Duration of migraine is a predictor for response to botulinum toxin type A

OBJECTIVE: To identify the clinical characteristics and/or injection parameters that predict a favorable response to botulinum toxin type A in patients with episodic and chronic migraine. BACKGROUND: There is emerging scientific and clinical evidence to support the utility of botulinum toxin type A (BoNT-A) in the prophylaxis of episodic and chronic migraine headache. However, the patient characteristics and injection strategies that predict a favorable treatment response are unknown. METHODS: We conducted a prospective, open-label study on 74 patients from our clinic receiving BoNT-A for episodic or chronic migraine.
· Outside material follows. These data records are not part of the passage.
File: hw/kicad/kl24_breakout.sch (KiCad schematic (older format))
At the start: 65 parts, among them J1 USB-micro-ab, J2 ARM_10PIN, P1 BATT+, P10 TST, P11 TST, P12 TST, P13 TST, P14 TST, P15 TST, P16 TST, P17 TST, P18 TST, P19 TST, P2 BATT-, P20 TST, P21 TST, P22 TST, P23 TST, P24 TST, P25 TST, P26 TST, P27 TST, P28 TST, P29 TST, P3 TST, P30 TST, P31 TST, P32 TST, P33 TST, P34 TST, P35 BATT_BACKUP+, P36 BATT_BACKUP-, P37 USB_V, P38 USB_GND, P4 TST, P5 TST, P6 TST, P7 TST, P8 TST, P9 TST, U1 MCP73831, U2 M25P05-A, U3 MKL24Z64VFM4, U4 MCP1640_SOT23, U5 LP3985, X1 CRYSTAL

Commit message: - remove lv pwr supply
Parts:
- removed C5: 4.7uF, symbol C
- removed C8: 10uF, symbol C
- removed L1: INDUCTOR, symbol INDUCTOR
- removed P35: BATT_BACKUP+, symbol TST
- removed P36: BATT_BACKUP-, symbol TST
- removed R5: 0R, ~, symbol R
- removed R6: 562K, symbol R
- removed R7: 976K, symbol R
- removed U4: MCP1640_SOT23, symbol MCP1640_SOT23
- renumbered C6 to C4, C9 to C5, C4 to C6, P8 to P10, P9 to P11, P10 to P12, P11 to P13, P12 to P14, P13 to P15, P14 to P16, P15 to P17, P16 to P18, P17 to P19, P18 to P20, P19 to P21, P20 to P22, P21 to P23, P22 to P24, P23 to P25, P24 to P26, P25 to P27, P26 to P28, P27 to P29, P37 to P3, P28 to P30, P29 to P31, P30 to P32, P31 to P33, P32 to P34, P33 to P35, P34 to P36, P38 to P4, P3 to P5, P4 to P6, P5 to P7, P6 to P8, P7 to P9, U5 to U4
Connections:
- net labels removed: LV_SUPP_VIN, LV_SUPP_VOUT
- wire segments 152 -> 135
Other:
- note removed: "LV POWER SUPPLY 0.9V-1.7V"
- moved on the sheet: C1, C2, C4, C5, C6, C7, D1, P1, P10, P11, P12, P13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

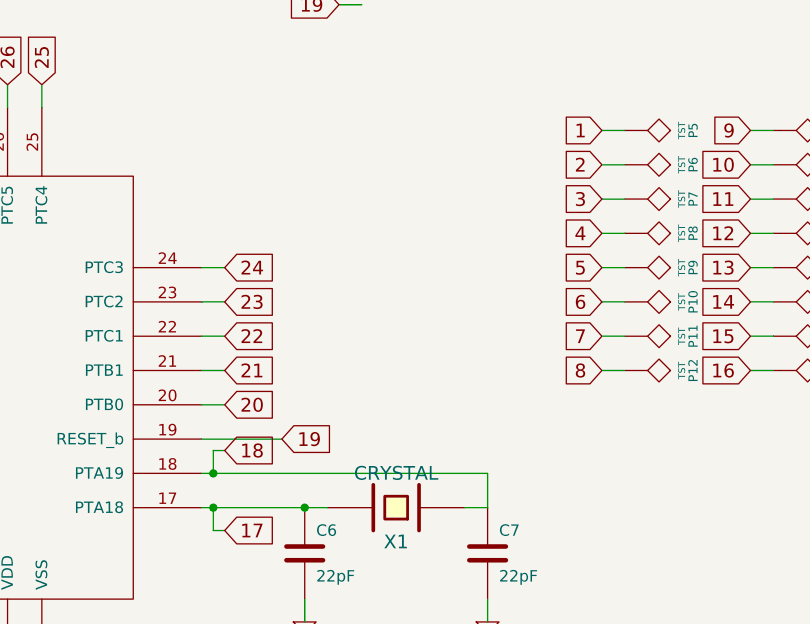
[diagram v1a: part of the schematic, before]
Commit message: - add indicator led to schematic
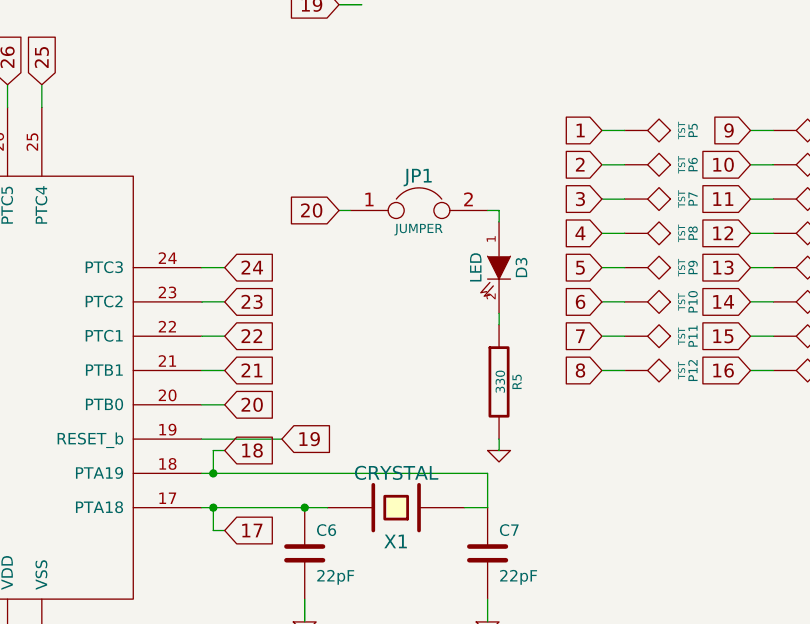
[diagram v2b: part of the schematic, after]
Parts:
- added D3: LED, ~, symbol LED
- added JP1: JUMPER, ~, symbol JUMPER
- added R5: 330, ~, symbol R
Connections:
- wire segments 135 -> 140
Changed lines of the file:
@@
-EESchema Schematic File Version 2  date 5/19/2013 11:25:39 AM
+EESchema Schematic File Version 2  date 5/24/2013 8:28:12 AM
 LIBS:power
 LIBS:device
@@
 Sheet 1 1
 Title ""
-Date "19 may 2013"
+Date "24 may 2013"
 Rev ""
 Comp ""
@@
 Text Notes 2100 1350 0    60   ~ 0
 USB VPWR TST POINTS
+Text GLabel 7650 3300 0    60   Input ~ 0
+20
+$Comp
+L JUMPER JP1
+U 1 1 519F5D90
+P 8000 3300
+F 0 "JP1" H 8000 3450 60  0000 C CNN
+F 1 "JUMPER" H 8000 3220 40  0000 C CNN
+F 2 "~" H 8000 3300 60  0000 C CNN
+F 3 "~" H 8000 3300 60  0000 C CNN
+	1    8000 3300
+	1    0    0    -1
+$EndComp
+$Comp
+L LED D3
+U 1 1 519F5D9F
+P 8350 3550
+F 0 "D3" H 8350 3650 50  0000 C CNN
+F 1 "LED" H 8350 3450 50  0000 C CNN
+F 2 "~" H 8350 3550 60  0000 C CNN
+F 3 "~" H 8350 3550 60  0000 C CNN
+	1    8350 3550
+	0    1    1    0
+$EndComp
+$Comp
+L R R5
+U 1 1 519F5DAE
+P 8350 4050
+F 0 "R5" V 8430 4050 40  0000 C CNN
+F 1 "330" V 8357 4051 40  0000 C CNN
+F 2 "~" V 8280 4050 30  0000 C CNN
+F 3 "~" H 8350 4050 30  0000 C CNN
+	1    8350 4050
+	1    0    0    -1
+$EndComp
+$Comp
+L GND #PWR016
+U 1 1 519F5DBB
+P 8350 4350
+F 0 "#PWR016" H 8350 4350 30  0001 C CNN
+F 1 "GND" H 8350 4280 30  0001 C CNN
+F 2 "" H 8350 4350 60  0001 C CNN
+F 3 "" H 8350 4350 60  0001 C CNN
+	1    8350 4350
+	1    0    0    -1
+$EndComp
+Wire Wire Line
+	8350 4350 8350 4300
+Wire Wire Line
+	8350 3800 8350 3750
+Wire Wire Line
+	7650 3300 7700 3300
+Wire Wire Line
+	8300 3300 8350 3300
+Wire Wire Line
+	8350 3300 8350 3350
 $EndSCHEMATC

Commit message: - remove lipo charger
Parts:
- removed C1, C2: 4.7uF, symbol C
- removed D1: LED, symbol LED
- removed D2: DIODESCH, ~, symbol DIODESCH
- removed P1: BATT+, symbol TST
- removed P2: BATT-, symbol TST
- removed R1: 470R, symbol R
- removed R2: 2K, symbol R
- removed U1: MCP73831, symbol MCP73831
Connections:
- net labels removed: LIPO+
- wire segments 140 -> 125
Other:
- note removed: "LIPO CHARGER"
- moved on the sheet: C3, C4, C5, J1, P3, P4, U4

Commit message: remove spi flash (maybe sdio instead)
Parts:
- removed C3: 1uF, symbol C
- removed U2: M25P05-A, symbol M25P05-A
- renumbered C4 to C1, C5 to C2, C6 to C3, C7 to C4, D3 to D1, P3 to P1, P12 to P10, P13 to P11, P14 to P12, P15 to P13, P16 to P14, P17 to P15, P18 to P16, P19 to P17, P20 to P18, P21 to P19, P4 to P2, P22 to P20, P23 to P21, P24 to P22, P25 to P23, P26 to P24, P27 to P25, P28 to P26, P29 to P27, P30 to P28, P31 to P29, P5 to P3, P32 to P30, P33 to P31, P34 to P32, P35 to P33, P36 to P34, P6 to P4, P7 to P5, P8 to P6, P9 to P7, P10 to P8, P11 to P9, R3 to R1, R4 to R2, R5 to R3, U4 to U1, U3 to U2
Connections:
- wire segments 125 -> 116
- no-connect marks 8 -> 6
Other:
- note removed: "SPI FLASH"

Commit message: remove 10 pin header
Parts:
- removed J2: ARM_10PIN, symbol ARM_10PIN
- added JP?: JUMPER, ~, symbol JUMPER
- added P?: SWDIO, symbol TST
- added P?: SWD_VCC, symbol TST
- added P?: SWCLK, symbol TST
- added P?: SWD_GND, symbol TST
- added P?: NRESET, symbol TST
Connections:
- wire segments 116 -> 118
- no-connect marks 6 -> 1
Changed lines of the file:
@@
-EESchema Schematic File Version 2  date 10/5/2013 3:10:17 PM
+EESchema Schematic File Version 2  date 10/11/2013 6:25:26 PM
 LIBS:power
 LIBS:device
@@
 Sheet 1 1
 Title ""
-Date "5 oct 2013"
+Date "11 oct 2013"
 Rev ""
 Comp ""
@@
 $EndDescr
 Wire Wire Line
-	7650 1050 7800 1050
-Wire Wire Line
 	2000 6000 2000 6300
 Wire Wire Line
@@
 Wire Wire Line
 	2000 6300 2100 6300
-Connection ~ 7700 1650
-Wire Wire Line
-	7800 1350 7700 1350
-Wire Wire Line
-	7700 1350 7700 2250
-Wire Wire Line
-	7800 1650 7700 1650
-Wire Wire Line
-	7700 2250 7800 2250
-Wire Wire Line
-	7650 2400 7750 2400
-Wire Wire Line
-	7750 1200 7650 1200
-Wire Wire Line
-	7650 1500 7750 1500
 Wire Wire Line
 	6350 2750 6350 2850
@@
 Wire Wire Line
 	1950 3050 1850 3050
-Text GLabel 7650 1050 0    60   Input ~ 0
+Text GLabel 5400 1550 3    60   Input ~ 0
 3.3V_SUPPLY
-Text GLabel 2200 3500 2    60   Input ~ 0
+Text GLabel 2800 3900 2    60   Input ~ 0
 USB_ID
 Text GLabel 1950 3350 2    60   Input ~ 0
@@
 	1    2700 6150
 	1    0    0    -1
-$EndComp
-$Comp
-L ARM_10PIN J2
-U 1 1 51353F09
-P 8250 1550
-F 0 "J2" H 8250 550 60  0000 C CNN
-F 1 "ARM_10PIN" H 8250 2200 60  0000 C CNN
-F 2 "" H 8250 1550 60  0001 C CNN
-F 3 "" H 8250 1550 60  0001 C CNN
-	1    8250 1550
-	-1   0    0    -1
 $EndComp
 $Comp
@@
 Text Notes 2250 6650 0    60   ~ 0
 3.3V POWER SUPPLY
-Text GLabel 7650 1500 0    60   Input ~ 0
+Text GLabel 5900 1550 3    60   Input ~ 0
 10
-Text GLabel 7650 1200 0    60   Input ~ 0
+Text GLabel 5650 1550 3    60   Input ~ 0
 13
-Text GLabel 7650 2400 0    60   Input ~ 0
+Text GLabel 6150 1550 3    60   Input ~ 0
 19
 $Comp
 L GND #PWR04
 U 1 1 513F9714
-P 7700 2250
-F 0 "#PWR04" H 7700 2250 30  0001 C CNN
-F 1 "GND" H 7700 2180 30  0001 C CNN
-F 2 "" H 7700 2250 60  0001 C CNN
-F 3 "" H 7700 2250 60  0001 C CNN
-	1    7700 2250
+P 6400 1550
+F 0 "#PWR04" H 6400 1550 30  0001 C CNN
+F 1 "GND" H 6400 1480 30  0001 C CNN
+F 2 "" H 6400 1550 60  0001 C CNN
+F 3 "" H 6400 1550 60  0001 C CNN
+	1    6400 1550
 	1    0    0    -1
 $EndComp
@@
 	-1   0    0    1
 $EndComp
-NoConn ~ 7750 1800
-NoConn ~ 7800 1950
-NoConn ~ 7750 2100
 NoConn ~ 3350 6300
 $Comp
@@
 Text Notes 800  4200 0    60   ~ 0
 id pin- gnd for host, float for device
-NoConn ~ 1850 3500
-NoConn ~ 2200 3500
 $Comp
 L TST P1
@@
 Wire Wire Line
 	1850 5850 1850 6000
+Text GLabel 2800 4100 2    60   Input ~ 0
+20
+Wire Wire Line
+	2800 3900 2800 4100
+$Comp
+L JUMPER JP?
+U 1 1 52587B78
+P 2450 3600
+F 0 "JP?" H 2450 3750 60  0000 C CNN
+F 1 "JUMPER" H 2450 3520 40  0000 C CNN
+F 2 "~" H 2450 3600 60  0000 C CNN
+F 3 "~" H 2450 3600 60  0000 C CNN
+	1    2450 3600
+	1    0    0    -1
+$EndComp
+Wire Wire Line
+	1850 3500 2150 3500
+Wire Wire Line
+	2150 3500 2150 3600
+Wire Wire Line
+	2750 3600 2750 4000
+Wire Wire Line
+	2750 4000 2800 4000
+Connection ~ 2800 4000
+$Comp
+L TST P?
+U 1 1 52587D3C
+P 5650 1400
+F 0 "P?" H 5650 1700 40  0000 C CNN
+F 1 "SWDIO" H 5650 1650 30  0000 C CNN
+F 2 "" H 5650 1400 60  0001 C CNN
+F 3 "" H 5650 1400 60  0001 C CNN
+	1    5650 1400
+	1    0    0    -1
+$EndComp
+$Comp
+L TST P?
+U 1 1 52587D47
+P 5400 1400
+F 0 "P?" H 5400 1700 40  0000 C CNN
+F 1 "SWD_VCC" H 5400 1650 30  0000 C CNN
+F 2 "" H 5400 1400 60  0001 C CNN
+F 3 "" H 5400 1400 60  0001 C CNN
+	1    5400 1400
+	1    0    0    -1
+$EndComp
+$Comp
+L TST P?
+U 1 1 52587D52
+P 5900 1400
+F 0 "P?" H 5900 1700 40  0000 C CNN
+F 1 "SWCLK" H 5900 1650 30  0000 C CNN
+F 2 "" H 5900 1400 60  0001 C CNN
+F 3 "" H 5900 1400 60  0001 C CNN
+	1    5900 1400
+	1    0    0    -1
+$EndComp
+$Comp
+L TST P?
+U 1 1 52587D67
+P 6400 1400
+F 0 "P?" H 6400 1700 40  0000 C CNN
+F 1 "SWD_GND" H 6400 1650 30  0000 C CNN
+F 2 "" H 6400 1400 60  0001 C CNN
+F 3 "" H 6400 1400 60  0001 C CNN
+	1    6400 1400
+	1    0    0    -1
+$EndComp
+$Comp
+L TST P?
+U 1 1 52587D72
+P 6150 1400
+F 0 "P?" H 6150 1700 40  0000 C CNN
+F 1 "NRESET" H 6150 1650 30  0000 C CNN
+F 2 "" H 6150 1400 60  0001 C CNN
+F 3 "" H 6150 1400 60  0001 C CNN
+	1    6150 1400
+	1    0    0    -1
+$EndComp
+Wire Wire Line
+	5400 1400 5400 1550
+Wire Wire Line
+	5650 1550 5650 1400
+Wire Wire Line
+	5900 1400 5900 1550
+Wire Wire Line
+	6150 1550 6150 1400
+Wire Wire Line
+	6400 1400 6400 1550
 $EndSCHEMATC

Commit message: fix up a bit
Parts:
- removed JP?: JUMPER, ~, symbol JUMPER
- added R3: 330, ~, symbol R
- gave numbers to parts that had none: 5
- renumbered C3 to C1, C4 to C2, C1 to C3, C2 to C4, P3 to P1, P12 to P10, P13 to P11, P14 to P12, P15 to P13, P16 to P14, P17 to P15, P18 to P16, P19 to P17, P20 to P18, P21 to P19, P4 to P2, P22 to P20, P23 to P21, P24 to P22, P25 to P23, P26 to P24, P27 to P25, P28 to P26, P29 to P27, P30 to P28, P31 to P29, P5 to P3, P32 to P30, P33 to P31, P34 to P32, P1 to P33, P2 to P34, P6 to P4, P7 to P5, P8 to P6, P9 to P7, P10 to P8, P11 to P9, R3 to R4, U2 to U1, U1 to U2
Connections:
- net 20: now also R3.2
- net at J1.4 (ID): now also R3.1
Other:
- note added: "no pop"
- moved on the sheet: C1, C2, C3, C4, D1, J1, JP1, P1, P10, P11, P12, P13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

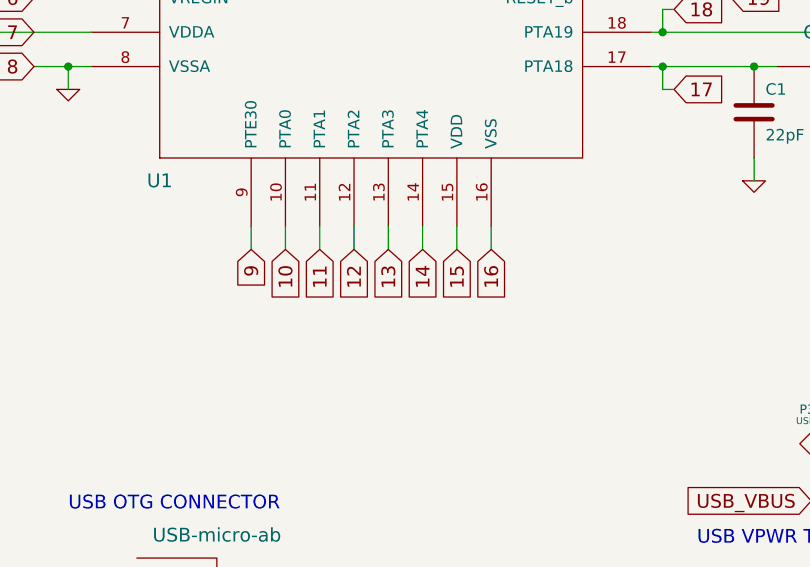
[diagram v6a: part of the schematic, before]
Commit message: all footprints placed, start wiring
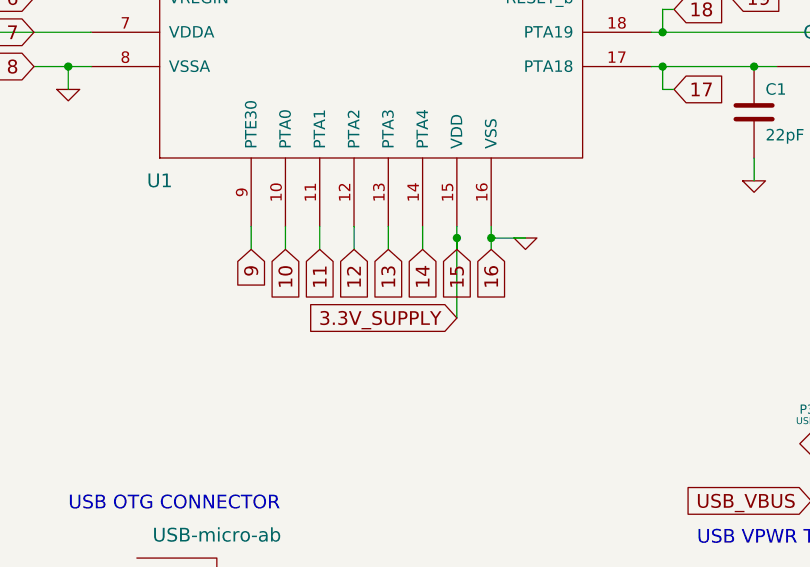
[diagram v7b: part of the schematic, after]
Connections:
- net 16 is gone; now on net GND: P16.1, U1.16 (VSS)
- net 3.3V_SUPPLY is gone; now on net 15: C4.1, P35.1, P7.1, U1.7 (VDDA), U2.5 (VOUT)
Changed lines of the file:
@@
 LIBS:kicadlib
 LIBS:kl24_breakout-cache
-EELAYER 24 0
+EELAYER 27 0
 EELAYER END
 $Descr A4 11693 8268
@@
 Sheet 1 1
 Title ""
-Date "11 oct 2013"
+Date "13 oct 2013"
 Rev ""
 Comp ""
@@
 USB_VBUS
 $Comp
-L GND #PWR3
+L GND #PWR01
 U 1 1 513B6B06
 P 5050 6600
-F 0 "#PWR3" H 5050 6600 30  0001 C CNN
+F 0 "#PWR01" H 5050 6600 30  0001 C CNN
 F 1 "GND" H 5050 6530 30  0001 C CNN
 F 2 "" H 5050 6600 60  0001 C CNN
@@
 $EndComp
 $Comp
-L GND #PWR4
+L GND #PWR02
 U 1 1 513BAD17
 P 7000 3950
-F 0 "#PWR4" H 7000 3950 30  0001 C CNN
+F 0 "#PWR02" H 7000 3950 30  0001 C CNN
 F 1 "GND" H 7000 3880 30  0001 C CNN
 F 2 "" H 7000 3950 60  0001 C CNN
@@
 $EndComp
 $Comp
-L GND #PWR6
+L GND #PWR03
 U 1 1 513BAD27
 P 7800 3950
-F 0 "#PWR6" H 7800 3950 30  0001 C CNN
+F 0 "#PWR03" H 7800 3950 30  0001 C CNN
 F 1 "GND" H 7800 3880 30  0001 C CNN
 F 2 "" H 7800 3950 60  0001 C CNN
@@
 19
 $Comp
-L GND #PWR10
+L GND #PWR04
 U 1 1 513F9714
 P 10600 5750
-F 0 "#PWR10" H 10600 5750 30  0001 C CNN
+F 0 "#PWR04" H 10600 5750 30  0001 C CNN
 F 1 "GND" H 10600 5680 30  0001 C CNN
 F 2 "" H 10600 5750 60  0001 C CNN
@@
 $EndComp
 $Comp
-L GND #PWR8
+L GND #PWR05
 U 1 1 513F9B6C
 P 8250 1400
-F 0 "#PWR8" H 8250 1400 30  0001 C CNN
+F 0 "#PWR05" H 8250 1400 30  0001 C CNN
 F 1 "GND" H 8250 1330 30  0001 C CNN
 F 2 "" H 8250 1400 60  0001 C CNN
@@
 $EndComp
 $Comp
-L GND #PWR9
+L GND #PWR06
 U 1 1 513F9C7F
 P 10000 1350
-F 0 "#PWR9" H 10000 1350 30  0001 C CNN
+F 0 "#PWR06" H 10000 1350 30  0001 C CNN
 F 1 "GND" H 10000 1280 30  0001 C CNN
 F 2 "" H 10000 1350 60  0001 C CNN
@@
 3.3V_SUPPLY
 $Comp
-L GND #PWR2
+L GND #PWR07
 U 1 1 513FA04E
 P 4000 3550
-F 0 "#PWR2" H 4000 3550 30  0001 C CNN
+F 0 "#PWR07" H 4000 3550 30  0001 C CNN
 F 1 "GND" H 4000 3480 30  0001 C CNN
 F 2 "" H 4000 3550 60  0001 C CNN
@@
 $EndComp
 $Comp
-L GND #PWR1
+L GND #PWR08
 U 1 1 513FA1BA
 P 4000 2300
-F 0 "#PWR1" H 4000 2300 30  0001 C CNN
+F 0 "#PWR08" H 4000 2300 30  0001 C CNN
 F 1 "GND" H 4000 2230 30  0001 C CNN
 F 2 "" H 4000 2300 60  0001 C CNN
@@
 	7250 5350 7250 5250
 $Comp
-L GND #PWR5
+L GND #PWR09
 U 1 1 5169787E
 P 7500 5350
-F 0 "#PWR5" H 7500 5350 30  0001 C CNN
+F 0 "#PWR09" H 7500 5350 30  0001 C CNN
 F 1 "GND" H 7500 5280 30  0001 C CNN
 F 2 "" H 7500 5350 60  0001 C CNN
@@
 $EndComp
 $Comp
-L GND #PWR7
+L GND #PWR010
 U 1 1 519F5DBB
 P 7850 3200
-F 0 "#PWR7" H 7850 3200 30  0001 C CNN
+F 0 "#PWR010" H 7850 3200 30  0001 C CNN
 F 1 "GND" H 7850 3130 30  0001 C CNN
 F 2 "" H 7850 3200 60  0001 C CNN
@@
 Text Notes 5700 6150 0    60   ~ 0
 no pop
+$Comp
+L GND #PWR011
+U 1 1 525B1F5C
+P 6000 4200
+F 0 "#PWR011" H 6000 4200 30  0001 C CNN
+F 1 "GND" H 6000 4130 30  0001 C CNN
+F 2 "" H 6000 4200 60  0001 C CNN
+F 3 "" H 6000 4200 60  0001 C CNN
+	1    6000 4200
+	1    0    0    -1
+$EndComp
+Wire Wire Line
+	5850 4200 6000 4200
+Connection ~ 5850 4200
+Text GLabel 5700 4550 0    60   Input ~ 0
+3.3V_SUPPLY
+Wire Wire Line
+	5700 4200 5700 4550
+Connection ~ 5700 4200
 $EndSCHEMATC

For all patients, migraine-related disability (Migraine Disability Assesment [MIDAS]), headache frequency, and average headache intensity were obtained at baseline and at 3 months post-BoNT-A. Information regarding demographic characteristics and injection parameters was also collected. RESULTS: Sixty-one patients met the study criteria and were available for 3-month follow-up. At the 3-month follow-up visit, the mean MIDAS scores of the 61 qualified study patients had decreased from 102 at baseline to 49 (52% decrease, P<.001). The mean number of headache days was reduced from 60 to 39 (P<.001), and the mean headache intensity decreased from 7.6 at baseline to 5.9 (P<.001). Frequency of migraine attacks, presence of analgesic overuse, total BoNT-A dose, and presence of underlying muscle tenderness were not predictive of treatment response. Age and duration of migraine were the only clinical factors significantly predictive of treatment response. Age likely was a predictor only as a consequence of duration of illness as subjects with migraine duration greater than 30 years were significantly less likely to respond to treatment with BoNT-A. CONCLUSION: BoNT-A may be effective in decreasing headache frequency, headache intensity, and headache-related disability in episodic and chronic migraine patients. Duration of illness emerged as a predictor of treatment response. Randomized controlled studies should evaluate headache-related disability as a primary endpoint in patients with episodic and chronic headache.